I first met Mr. Audenried through his advertising for a valet. I liked his appearance, and engaged with him at a lower salary than one of my experience and ability will usually work for. He was then living in a furnished house on Rincon Hill, whence he could see the bay. He sat for hours looking at it and writing verses. He had money, but was neither young nor strong, and seldom went out. He had been very handsome, was still fine-looking, with eyes that glowed with a lurid, internal fire.
There was one other person in the house, a quiet lady, yet one to be noticed and remembered. I pride myself on my discretion. It was nothing to me how many “Coralies” or “Camilles” existed. It was long before I alluded to her, though I met her in the upper hall, on the stairs, and sometimes found her in the room with my master and myself, or just outside the door, standing near, as if waiting for me to go. After a while, I got the notion that she did not like me, and it made it unpleasant. After long thinking it over, for I did not want to leave, I gave a month’s notice.
“Why is this, Wilkins?” says Mr. Audenried. “If it is a question of wages, stay on. I like your quiet ways,” says he. That is just what he says.
“To tell the truth, sir,” I says, “it’s not my pay—it’s the lady, sir.”
“What!” says he.
So then I told of her air of watchful dislike, and how I was not used to being spied upon, and that it was needless my recommendations could all show. He turned quite pale, so white that I thought Heaven forgive me if I’d made trouble between them, for she looked sad enough anyway. He did not speak for a long while.
Then he muttered to himself: “This man, too!”
He made me tell him all over again. Then, after a pause, he says: “Find me another place, Wilkins, and help me move.”

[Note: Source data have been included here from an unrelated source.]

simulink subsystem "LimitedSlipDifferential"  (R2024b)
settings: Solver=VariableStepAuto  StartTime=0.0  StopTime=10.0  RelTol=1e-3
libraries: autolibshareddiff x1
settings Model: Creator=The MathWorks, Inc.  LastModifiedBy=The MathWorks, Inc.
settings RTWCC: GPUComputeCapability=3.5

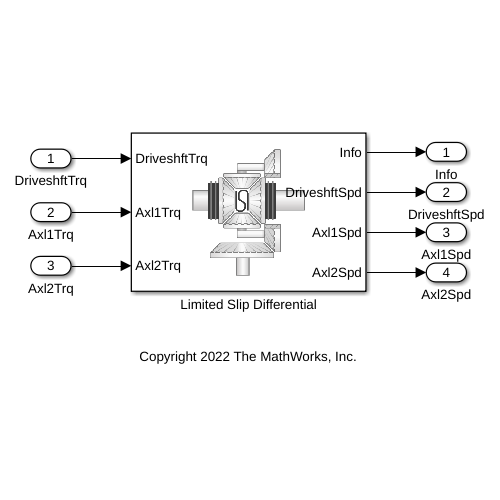
[thumbnail: Simulink's stored preview of the top-level diagram]
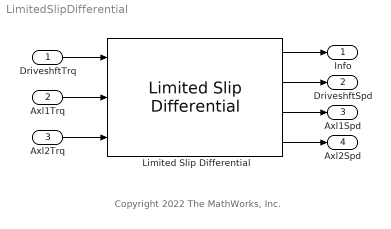
== system LimitedSlipDifferential ==
  note: Copyright 2022 The MathWorks, Inc.
  DriveshftTrq : Inport
  Axl1Trq : Inport  Port=2
  Axl2Trq : Inport  Port=3
  Limited Slip Differential : autolibshareddiff/Limited Slip Differential  VariantControl=Limited Slip Differential  DiffEffModelPopup=Constant  InterpMethod=Linear point-slope  extTamb=off  shaftSwitchMask=To the left of center-line  Ndiff=PlntDiffrntlRatio  Jd=PlntDiffrntlCarrInertia  bd=PlntDiffrntlCarrDamp  Jw1=PlntDiffrntlAxl1Inertia  bw1=PlntDiffrntlAxl1Damp  Jw2=PlntDiffrntlAxl2Inertia  bw2=PlntDiffrntlAxl2Damp  omegaw1o=PlntDiffrntlAxl1InitVel  omegaw2o=PlntDiffrntlAxl2InitVel  eta=PlntDiffrntlEff  eta_tbl=PlntDiffrntlEffTbl  Trq_bpts=PlntDiffrntlEffTrqBpt  omega_bpts=PlntDiffrntlEffSpdBpt  Temp_bpts=PlntDiffrntlEffTempBpt  Tamb=EnvAirTemp  couplingType=Pre-loaded ideal clutch  Ndisks=PlntDiffrntlCltchNumDisk  Reff=PlntDiffrntlCltchRadius  Fc=PlntDiffrntlCltchPreloadForce  muc=PlntDiffrntlCltchFricVect  dw=PlntDiffrntlCltchSpdVect  Tdw=PlntDiffrntlCltchTrqSlipSpdVect  dwT=PlntDiffrntlCltchSlipSpdVect  TTin=PlntDiffrntlCltchTrqInTrqVect  Tin=PlntDiffrntlCltchInTrqVect  tauC=PlntDiffrntlCltchCplngTimeCnst  IdealInterpMethod=Linear point-slope  IdealExtrapMethod=Linear  TdwInterpMethod=Flat  TdwExtrapMethod=Clip  TTinInterpMethod=Flat  TTinExtrapMethod=Clip  maxAbsSpd=5e3  aMode=6
  Info : Outport
  DriveshftSpd : Outport  Port=2
  Axl1Spd : Outport  Port=3
  Axl2Spd : Outport  Port=4
  wires:
  Limited Slip Differential/1 -> Info/1
  Limited Slip Differential/2 -> DriveshftSpd/1
  Limited Slip Differential/3 -> Axl1Spd/1
  Limited Slip Differential/4 -> Axl2Spd/1
  DriveshftTrq/1 -> Limited Slip Differential/1
  Axl1Trq/1 -> Limited Slip Differential/2
  Axl2Trq/1 -> Limited Slip Differential/3

So I thought there was a quarrel. We did move from house to house, from street to street, from city to city, all through the State and to others near. Mr. Audenried never spoke of her, nor noticed her, but as soon as she came, as she always did come, he at once gave the order to start. He seemed to watch my face, and I fancied he knew in that way when she was about. I wondered what their story might be, and tried to make out from verses he wrote that time, but all I could get hold of were these:
PROPHETIC.
Unto the garden’s bloom close set
Of lily, larkspur, violet,
Sweet jasmine, rose, and mignonette
More beauty lending,
Fair Marguerite stands in the sun,
Plucks leaves from daisy, one by one,
While Faust, impatient, sees it done
And waits the ending.
See! on the garden-wall behind,
Their happy shadows plain defined,
Bent heads and eager hand, outlined
Like soft engraving;
And there athwart their fingers’ pose
A shape whose presence neither knows.
Mephisto! ’T is his head that shows
A cock’s plume waving!
Sometimes we rested a few days or weeks, sometimes went on, day after day, without stopping, but she was my master’s shadow; she followed us everywhere. I used to try and puzzle out what their secret was. If it had been love, it must now be hate, I told myself, seeing how they often met and passed without a word. He did not appear to even see her.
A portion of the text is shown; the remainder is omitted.